§ **EXERCISE AIM**
Once you reach the line containing "PA0: Slot #1.58, Slot" in the entries below, write out that line and each one after it down to the line containing "PA2: Slot #1.56, Slot", exactly and with nothing added.

==============================

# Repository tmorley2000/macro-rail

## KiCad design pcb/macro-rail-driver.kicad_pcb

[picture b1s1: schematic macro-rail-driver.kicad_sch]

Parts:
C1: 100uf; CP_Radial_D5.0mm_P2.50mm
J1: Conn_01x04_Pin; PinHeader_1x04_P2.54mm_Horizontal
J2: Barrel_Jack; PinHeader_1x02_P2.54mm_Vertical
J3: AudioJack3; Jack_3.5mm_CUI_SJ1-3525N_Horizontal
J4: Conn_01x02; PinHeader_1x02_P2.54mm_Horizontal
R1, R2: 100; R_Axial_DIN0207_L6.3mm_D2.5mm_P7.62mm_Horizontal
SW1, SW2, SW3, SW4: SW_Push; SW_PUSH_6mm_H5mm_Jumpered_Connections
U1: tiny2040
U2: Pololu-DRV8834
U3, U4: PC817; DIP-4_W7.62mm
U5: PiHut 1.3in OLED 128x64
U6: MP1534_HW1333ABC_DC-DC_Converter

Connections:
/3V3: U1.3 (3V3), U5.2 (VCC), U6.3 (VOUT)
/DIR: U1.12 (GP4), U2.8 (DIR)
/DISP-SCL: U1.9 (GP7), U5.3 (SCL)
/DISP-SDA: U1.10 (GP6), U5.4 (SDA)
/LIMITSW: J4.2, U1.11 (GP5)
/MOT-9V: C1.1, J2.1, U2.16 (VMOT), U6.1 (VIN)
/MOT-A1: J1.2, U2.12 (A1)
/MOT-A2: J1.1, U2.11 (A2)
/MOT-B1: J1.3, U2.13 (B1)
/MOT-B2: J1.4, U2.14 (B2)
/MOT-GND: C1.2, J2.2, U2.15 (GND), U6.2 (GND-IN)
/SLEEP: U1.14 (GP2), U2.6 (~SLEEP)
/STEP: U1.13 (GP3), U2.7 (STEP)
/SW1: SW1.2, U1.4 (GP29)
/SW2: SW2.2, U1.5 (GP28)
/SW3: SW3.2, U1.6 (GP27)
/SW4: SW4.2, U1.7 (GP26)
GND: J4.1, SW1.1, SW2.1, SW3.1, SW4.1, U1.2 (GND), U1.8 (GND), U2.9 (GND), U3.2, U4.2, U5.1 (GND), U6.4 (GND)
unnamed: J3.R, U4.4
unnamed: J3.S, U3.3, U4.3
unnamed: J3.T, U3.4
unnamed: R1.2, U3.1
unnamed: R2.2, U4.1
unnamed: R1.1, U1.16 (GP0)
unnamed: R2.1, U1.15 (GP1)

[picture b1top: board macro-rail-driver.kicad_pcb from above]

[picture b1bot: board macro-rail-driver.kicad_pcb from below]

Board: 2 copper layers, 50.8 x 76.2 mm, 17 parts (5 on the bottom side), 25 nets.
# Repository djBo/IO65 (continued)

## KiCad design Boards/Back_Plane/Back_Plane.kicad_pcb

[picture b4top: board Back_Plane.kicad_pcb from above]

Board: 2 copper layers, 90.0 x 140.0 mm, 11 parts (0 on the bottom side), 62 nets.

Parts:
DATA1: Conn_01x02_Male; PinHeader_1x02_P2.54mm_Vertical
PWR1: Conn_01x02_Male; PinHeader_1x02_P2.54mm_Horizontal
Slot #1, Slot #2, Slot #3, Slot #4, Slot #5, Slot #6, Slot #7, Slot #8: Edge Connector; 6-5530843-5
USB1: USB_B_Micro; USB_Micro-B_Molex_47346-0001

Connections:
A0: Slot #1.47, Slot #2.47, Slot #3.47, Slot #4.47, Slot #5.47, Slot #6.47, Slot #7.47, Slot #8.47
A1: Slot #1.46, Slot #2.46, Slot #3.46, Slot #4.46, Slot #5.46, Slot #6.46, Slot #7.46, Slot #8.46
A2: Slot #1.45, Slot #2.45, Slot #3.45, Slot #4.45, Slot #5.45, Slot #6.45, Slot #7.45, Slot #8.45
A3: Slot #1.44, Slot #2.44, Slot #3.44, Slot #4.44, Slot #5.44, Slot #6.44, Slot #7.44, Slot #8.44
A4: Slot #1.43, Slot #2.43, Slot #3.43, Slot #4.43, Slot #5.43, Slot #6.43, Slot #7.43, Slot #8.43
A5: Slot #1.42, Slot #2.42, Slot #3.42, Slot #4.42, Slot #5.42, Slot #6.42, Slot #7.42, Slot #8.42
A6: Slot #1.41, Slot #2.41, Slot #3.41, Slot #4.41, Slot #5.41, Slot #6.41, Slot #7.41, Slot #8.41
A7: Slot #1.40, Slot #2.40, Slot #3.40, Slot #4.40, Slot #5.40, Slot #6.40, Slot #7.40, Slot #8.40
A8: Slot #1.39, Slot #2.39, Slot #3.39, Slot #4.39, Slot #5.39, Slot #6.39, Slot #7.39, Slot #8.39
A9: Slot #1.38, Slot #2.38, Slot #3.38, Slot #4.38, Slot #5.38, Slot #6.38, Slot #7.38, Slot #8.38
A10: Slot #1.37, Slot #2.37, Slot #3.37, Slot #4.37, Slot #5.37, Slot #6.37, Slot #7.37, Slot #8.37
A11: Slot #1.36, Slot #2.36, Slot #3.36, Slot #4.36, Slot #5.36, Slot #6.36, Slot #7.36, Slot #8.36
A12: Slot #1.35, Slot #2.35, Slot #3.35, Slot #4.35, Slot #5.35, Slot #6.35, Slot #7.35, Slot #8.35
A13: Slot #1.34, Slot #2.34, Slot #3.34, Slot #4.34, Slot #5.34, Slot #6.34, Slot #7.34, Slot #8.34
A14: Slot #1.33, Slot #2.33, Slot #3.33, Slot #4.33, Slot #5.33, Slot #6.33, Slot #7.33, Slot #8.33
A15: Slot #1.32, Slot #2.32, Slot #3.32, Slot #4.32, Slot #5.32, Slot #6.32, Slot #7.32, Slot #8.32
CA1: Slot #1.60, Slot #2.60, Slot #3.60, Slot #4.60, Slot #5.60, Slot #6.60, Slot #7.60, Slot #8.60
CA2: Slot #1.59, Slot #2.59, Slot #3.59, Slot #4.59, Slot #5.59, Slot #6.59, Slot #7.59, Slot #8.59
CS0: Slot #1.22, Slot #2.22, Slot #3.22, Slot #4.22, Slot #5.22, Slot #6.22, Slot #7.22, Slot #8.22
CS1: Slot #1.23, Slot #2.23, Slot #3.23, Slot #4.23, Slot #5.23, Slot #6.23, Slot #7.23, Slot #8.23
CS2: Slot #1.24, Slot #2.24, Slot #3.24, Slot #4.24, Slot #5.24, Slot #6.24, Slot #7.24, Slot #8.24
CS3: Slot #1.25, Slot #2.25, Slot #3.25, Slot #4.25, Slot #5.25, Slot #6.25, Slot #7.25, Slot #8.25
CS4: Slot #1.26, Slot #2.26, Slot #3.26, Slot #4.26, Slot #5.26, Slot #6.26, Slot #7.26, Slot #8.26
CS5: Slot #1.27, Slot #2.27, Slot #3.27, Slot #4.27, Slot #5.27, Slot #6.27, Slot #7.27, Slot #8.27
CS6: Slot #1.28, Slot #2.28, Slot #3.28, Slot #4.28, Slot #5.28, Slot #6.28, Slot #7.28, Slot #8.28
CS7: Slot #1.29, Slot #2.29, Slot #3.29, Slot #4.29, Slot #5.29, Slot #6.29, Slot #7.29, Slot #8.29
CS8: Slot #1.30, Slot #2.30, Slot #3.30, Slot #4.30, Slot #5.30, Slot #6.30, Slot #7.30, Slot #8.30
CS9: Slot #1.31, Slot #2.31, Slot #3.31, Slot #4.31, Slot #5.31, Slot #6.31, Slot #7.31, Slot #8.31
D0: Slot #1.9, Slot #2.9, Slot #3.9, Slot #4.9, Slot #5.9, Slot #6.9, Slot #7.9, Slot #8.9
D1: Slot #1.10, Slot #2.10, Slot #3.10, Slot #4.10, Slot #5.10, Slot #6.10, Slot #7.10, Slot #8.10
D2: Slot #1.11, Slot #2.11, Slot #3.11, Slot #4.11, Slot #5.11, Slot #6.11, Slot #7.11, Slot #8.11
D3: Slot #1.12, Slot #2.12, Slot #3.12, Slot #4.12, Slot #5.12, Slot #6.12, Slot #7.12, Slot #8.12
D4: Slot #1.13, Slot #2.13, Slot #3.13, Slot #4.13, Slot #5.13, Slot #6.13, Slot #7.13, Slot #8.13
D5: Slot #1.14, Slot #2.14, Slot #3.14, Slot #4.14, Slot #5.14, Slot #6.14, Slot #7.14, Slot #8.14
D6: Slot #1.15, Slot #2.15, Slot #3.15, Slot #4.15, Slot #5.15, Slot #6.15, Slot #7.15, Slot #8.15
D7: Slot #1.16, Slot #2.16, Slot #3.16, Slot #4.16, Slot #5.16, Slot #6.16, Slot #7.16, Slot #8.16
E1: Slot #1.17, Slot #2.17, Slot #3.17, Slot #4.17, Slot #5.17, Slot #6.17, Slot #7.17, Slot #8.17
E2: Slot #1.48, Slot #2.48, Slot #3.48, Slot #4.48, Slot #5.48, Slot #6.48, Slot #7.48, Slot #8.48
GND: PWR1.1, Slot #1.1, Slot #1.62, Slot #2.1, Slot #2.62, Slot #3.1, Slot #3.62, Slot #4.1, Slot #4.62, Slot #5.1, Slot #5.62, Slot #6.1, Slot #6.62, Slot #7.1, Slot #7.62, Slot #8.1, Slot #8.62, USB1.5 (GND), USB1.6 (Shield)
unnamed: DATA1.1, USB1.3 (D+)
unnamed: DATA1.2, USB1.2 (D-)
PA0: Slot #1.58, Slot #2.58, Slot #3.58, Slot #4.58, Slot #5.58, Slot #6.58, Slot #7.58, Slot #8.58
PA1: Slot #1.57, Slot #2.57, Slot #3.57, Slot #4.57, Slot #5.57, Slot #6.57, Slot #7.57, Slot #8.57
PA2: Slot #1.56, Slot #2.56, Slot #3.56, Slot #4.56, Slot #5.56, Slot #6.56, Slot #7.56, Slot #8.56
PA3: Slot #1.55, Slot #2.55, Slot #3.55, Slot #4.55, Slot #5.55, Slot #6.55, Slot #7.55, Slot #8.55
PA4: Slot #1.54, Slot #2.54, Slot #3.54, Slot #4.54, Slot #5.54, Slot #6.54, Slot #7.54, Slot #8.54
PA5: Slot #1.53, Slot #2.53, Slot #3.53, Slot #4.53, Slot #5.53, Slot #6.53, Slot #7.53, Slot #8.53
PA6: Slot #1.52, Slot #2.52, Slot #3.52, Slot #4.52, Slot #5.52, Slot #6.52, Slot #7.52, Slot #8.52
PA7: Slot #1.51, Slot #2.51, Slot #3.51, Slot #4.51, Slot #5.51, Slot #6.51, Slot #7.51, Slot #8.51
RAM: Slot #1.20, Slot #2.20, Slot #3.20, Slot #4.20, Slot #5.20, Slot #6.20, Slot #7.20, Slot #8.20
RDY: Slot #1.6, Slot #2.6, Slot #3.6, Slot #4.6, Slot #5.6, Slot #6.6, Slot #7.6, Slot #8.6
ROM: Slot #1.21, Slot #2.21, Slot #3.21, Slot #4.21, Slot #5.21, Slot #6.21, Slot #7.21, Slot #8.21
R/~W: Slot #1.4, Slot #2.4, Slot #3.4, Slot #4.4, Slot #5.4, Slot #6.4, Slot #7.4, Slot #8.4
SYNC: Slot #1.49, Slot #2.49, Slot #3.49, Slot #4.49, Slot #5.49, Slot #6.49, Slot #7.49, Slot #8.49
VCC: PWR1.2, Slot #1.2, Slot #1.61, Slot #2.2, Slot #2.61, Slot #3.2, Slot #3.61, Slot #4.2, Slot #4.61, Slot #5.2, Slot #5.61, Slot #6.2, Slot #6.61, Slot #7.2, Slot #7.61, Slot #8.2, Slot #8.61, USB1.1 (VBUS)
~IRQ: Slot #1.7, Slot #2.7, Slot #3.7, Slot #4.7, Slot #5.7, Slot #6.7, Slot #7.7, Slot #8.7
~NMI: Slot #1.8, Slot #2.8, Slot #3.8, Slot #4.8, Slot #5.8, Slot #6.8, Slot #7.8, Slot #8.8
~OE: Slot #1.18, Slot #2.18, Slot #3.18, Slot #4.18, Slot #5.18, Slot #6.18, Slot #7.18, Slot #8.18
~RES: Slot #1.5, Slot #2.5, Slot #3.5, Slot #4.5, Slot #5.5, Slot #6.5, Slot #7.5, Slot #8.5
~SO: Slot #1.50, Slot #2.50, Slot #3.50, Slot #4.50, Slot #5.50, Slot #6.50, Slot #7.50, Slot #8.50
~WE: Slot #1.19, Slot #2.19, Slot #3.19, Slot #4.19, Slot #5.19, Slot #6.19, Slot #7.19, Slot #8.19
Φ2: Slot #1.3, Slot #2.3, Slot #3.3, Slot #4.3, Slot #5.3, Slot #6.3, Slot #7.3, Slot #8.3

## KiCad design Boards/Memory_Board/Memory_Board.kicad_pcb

==============================

§ **COMPLETED EXERCISE**
PA0: Slot #1.58, Slot #2.58, Slot #3.58, Slot #4.58, Slot #5.58, Slot #6.58, Slot #7.58, Slot #8.58
PA1: Slot #1.57, Slot #2.57, Slot #3.57, Slot #4.57, Slot #5.57, Slot #6.57, Slot #7.57, Slot #8.57
PA2: Slot #1.56, Slot #2.56, Slot #3.56, Slot #4.56, Slot #5.56, Slot #6.56, Slot #7.56, Slot #8.56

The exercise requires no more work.